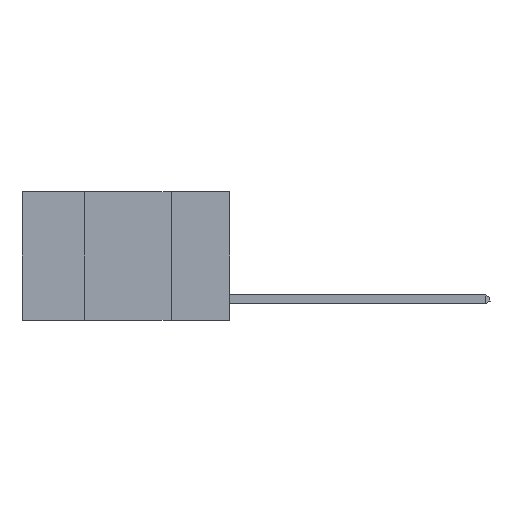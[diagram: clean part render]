
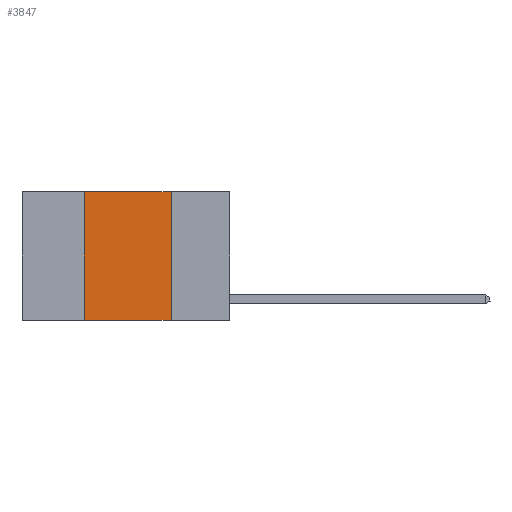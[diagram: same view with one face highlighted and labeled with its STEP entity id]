
A CAD part, left-side view. The second image highlights one B-rep face of the part: STEP entity #3847.
In plain terms, the highlighted planar face has unit normal (-1, 0, 0).
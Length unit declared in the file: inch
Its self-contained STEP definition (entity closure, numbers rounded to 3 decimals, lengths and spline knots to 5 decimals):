
#273 = DIRECTION ( 'NONE',  ( 0., 0., -1. ) ) ;
#411 = VECTOR ( 'NONE', #894, 39.37008 ) ;
#856 = CARTESIAN_POINT ( 'NONE',  ( 0., 0.6, -0.37 ) ) ;
#894 = DIRECTION ( 'NONE',  ( 0., -1., 0. ) ) ;
#989 = CARTESIAN_POINT ( 'NONE',  ( 0., 0.42, 0. ) ) ;
#1009 = EDGE_CURVE ( 'NONE', #5497, #6071, #5274, .T. ) ;
#1133 = VERTEX_POINT ( 'NONE', #4023 ) ;
#1202 = CARTESIAN_POINT ( 'NONE',  ( 0., 0.6, 0. ) ) ;
#1297 = VECTOR ( 'NONE', #7900, 39.37008 ) ;
#2158 = LINE ( 'NONE', #856, #411 ) ;
#2626 = CARTESIAN_POINT ( 'NONE',  ( 0., 0.17, 0. ) ) ;
#3451 = CARTESIAN_POINT ( 'NONE',  ( 0., 0.17, -0.37 ) ) ;
#3797 = EDGE_CURVE ( 'NONE', #1133, #6071, #2158, .T. ) ;
#3847 = ADVANCED_FACE ( 'NONE', ( #6948 ), #6306, .F. ) ;
#4023 = CARTESIAN_POINT ( 'NONE',  ( 0., 0.42, -0.37 ) ) ;
#4336 = AXIS2_PLACEMENT_3D ( 'NONE', #5510, #7528, #273 ) ;
#4413 = LINE ( 'NONE', #989, #5419 ) ;
#5042 = VECTOR ( 'NONE', #6547, 39.37008 ) ;
#5274 = LINE ( 'NONE', #2626, #1297 ) ;
#5419 = VECTOR ( 'NONE', #8216, 39.37008 ) ;
#5497 = VERTEX_POINT ( 'NONE', #8058 ) ;
#5510 = CARTESIAN_POINT ( 'NONE',  ( 0., 0.6, 0. ) ) ;
#5737 = ORIENTED_EDGE ( 'NONE', *, *, #6752, .F. ) ;
#5895 = CARTESIAN_POINT ( 'NONE',  ( 0., 0.42, 0. ) ) ;
#5983 = LINE ( 'NONE', #1202, #5042 ) ;
#6071 = VERTEX_POINT ( 'NONE', #3451 ) ;
#6259 = ORIENTED_EDGE ( 'NONE', *, *, #3797, .T. ) ;
#6306 = PLANE ( 'NONE',  #4336 ) ;
#6547 = DIRECTION ( 'NONE',  ( 0., -1., 0. ) ) ;
#6752 = EDGE_CURVE ( 'NONE', #7316, #5497, #5983, .T. ) ;
#6834 = ORIENTED_EDGE ( 'NONE', *, *, #1009, .F. ) ;
#6948 = FACE_OUTER_BOUND ( 'NONE', #7998, .T. ) ;
#7316 = VERTEX_POINT ( 'NONE', #5895 ) ;
#7432 = ORIENTED_EDGE ( 'NONE', *, *, #7831, .F. ) ;
#7528 = DIRECTION ( 'NONE',  ( 1., 0., 0. ) ) ;
#7831 = EDGE_CURVE ( 'NONE', #1133, #7316, #4413, .T. ) ;
#7900 = DIRECTION ( 'NONE',  ( 0., 0., -1. ) ) ;
#7998 = EDGE_LOOP ( 'NONE', ( #6834, #5737, #7432, #6259 ) ) ;
#8058 = CARTESIAN_POINT ( 'NONE',  ( 0., 0.17, 0. ) ) ;
#8216 = DIRECTION ( 'NONE',  ( 0., 0., 1. ) ) ;

**GOAL OF THE EXERCISE**
Transcribe the material above word for word; images do not belong in the copy.

**REPLY**
[diagram: clean part render]
[diagram: same view with one face highlighted and labeled with its STEP entity id]
A CAD part, left-side view. The second image highlights one B-rep face of the part: STEP entity #3847.
In plain terms, the highlighted planar face has unit normal (-1, 0, 0).
Length unit declared in the file: inch
Its self-contained STEP definition (entity closure, numbers rounded to 3 decimals, lengths and spline knots to 5 decimals):
#273 = DIRECTION ( 'NONE',  ( 0., 0., -1. ) ) ;
#411 = VECTOR ( 'NONE', #894, 39.37008 ) ;
#856 = CARTESIAN_POINT ( 'NONE',  ( 0., 0.6, -0.37 ) ) ;
#894 = DIRECTION ( 'NONE',  ( 0., -1., 0. ) ) ;
#989 = CARTESIAN_POINT ( 'NONE',  ( 0., 0.42, 0. ) ) ;
#1009 = EDGE_CURVE ( 'NONE', #5497, #6071, #5274, .T. ) ;
#1133 = VERTEX_POINT ( 'NONE', #4023 ) ;
#1202 = CARTESIAN_POINT ( 'NONE',  ( 0., 0.6, 0. ) ) ;
#1297 = VECTOR ( 'NONE', #7900, 39.37008 ) ;
#2158 = LINE ( 'NONE', #856, #411 ) ;
#2626 = CARTESIAN_POINT ( 'NONE',  ( 0., 0.17, 0. ) ) ;
#3451 = CARTESIAN_POINT ( 'NONE',  ( 0., 0.17, -0.37 ) ) ;
#3797 = EDGE_CURVE ( 'NONE', #1133, #6071, #2158, .T. ) ;
#3847 = ADVANCED_FACE ( 'NONE', ( #6948 ), #6306, .F. ) ;
#4023 = CARTESIAN_POINT ( 'NONE',  ( 0., 0.42, -0.37 ) ) ;
#4336 = AXIS2_PLACEMENT_3D ( 'NONE', #5510, #7528, #273 ) ;
#4413 = LINE ( 'NONE', #989, #5419 ) ;
#5042 = VECTOR ( 'NONE', #6547, 39.37008 ) ;
#5274 = LINE ( 'NONE', #2626, #1297 ) ;
#5419 = VECTOR ( 'NONE', #8216, 39.37008 ) ;
#5497 = VERTEX_POINT ( 'NONE', #8058 ) ;
#5510 = CARTESIAN_POINT ( 'NONE',  ( 0., 0.6, 0. ) ) ;
#5737 = ORIENTED_EDGE ( 'NONE', *, *, #6752, .F. ) ;
#5895 = CARTESIAN_POINT ( 'NONE',  ( 0., 0.42, 0. ) ) ;
#5983 = LINE ( 'NONE', #1202, #5042 ) ;
#6071 = VERTEX_POINT ( 'NONE', #3451 ) ;
#6259 = ORIENTED_EDGE ( 'NONE', *, *, #3797, .T. ) ;
#6306 = PLANE ( 'NONE',  #4336 ) ;
#6547 = DIRECTION ( 'NONE',  ( 0., -1., 0. ) ) ;
#6752 = EDGE_CURVE ( 'NONE', #7316, #5497, #5983, .T. ) ;
#6834 = ORIENTED_EDGE ( 'NONE', *, *, #1009, .F. ) ;
#6948 = FACE_OUTER_BOUND ( 'NONE', #7998, .T. ) ;
#7316 = VERTEX_POINT ( 'NONE', #5895 ) ;
#7432 = ORIENTED_EDGE ( 'NONE', *, *, #7831, .F. ) ;
#7528 = DIRECTION ( 'NONE',  ( 1., 0., 0. ) ) ;
#7831 = EDGE_CURVE ( 'NONE', #1133, #7316, #4413, .T. ) ;
#7900 = DIRECTION ( 'NONE',  ( 0., 0., -1. ) ) ;
#7998 = EDGE_LOOP ( 'NONE', ( #6834, #5737, #7432, #6259 ) ) ;
#8058 = CARTESIAN_POINT ( 'NONE',  ( 0., 0.17, 0. ) ) ;
#8216 = DIRECTION ( 'NONE',  ( 0., 0., 1. ) ) ;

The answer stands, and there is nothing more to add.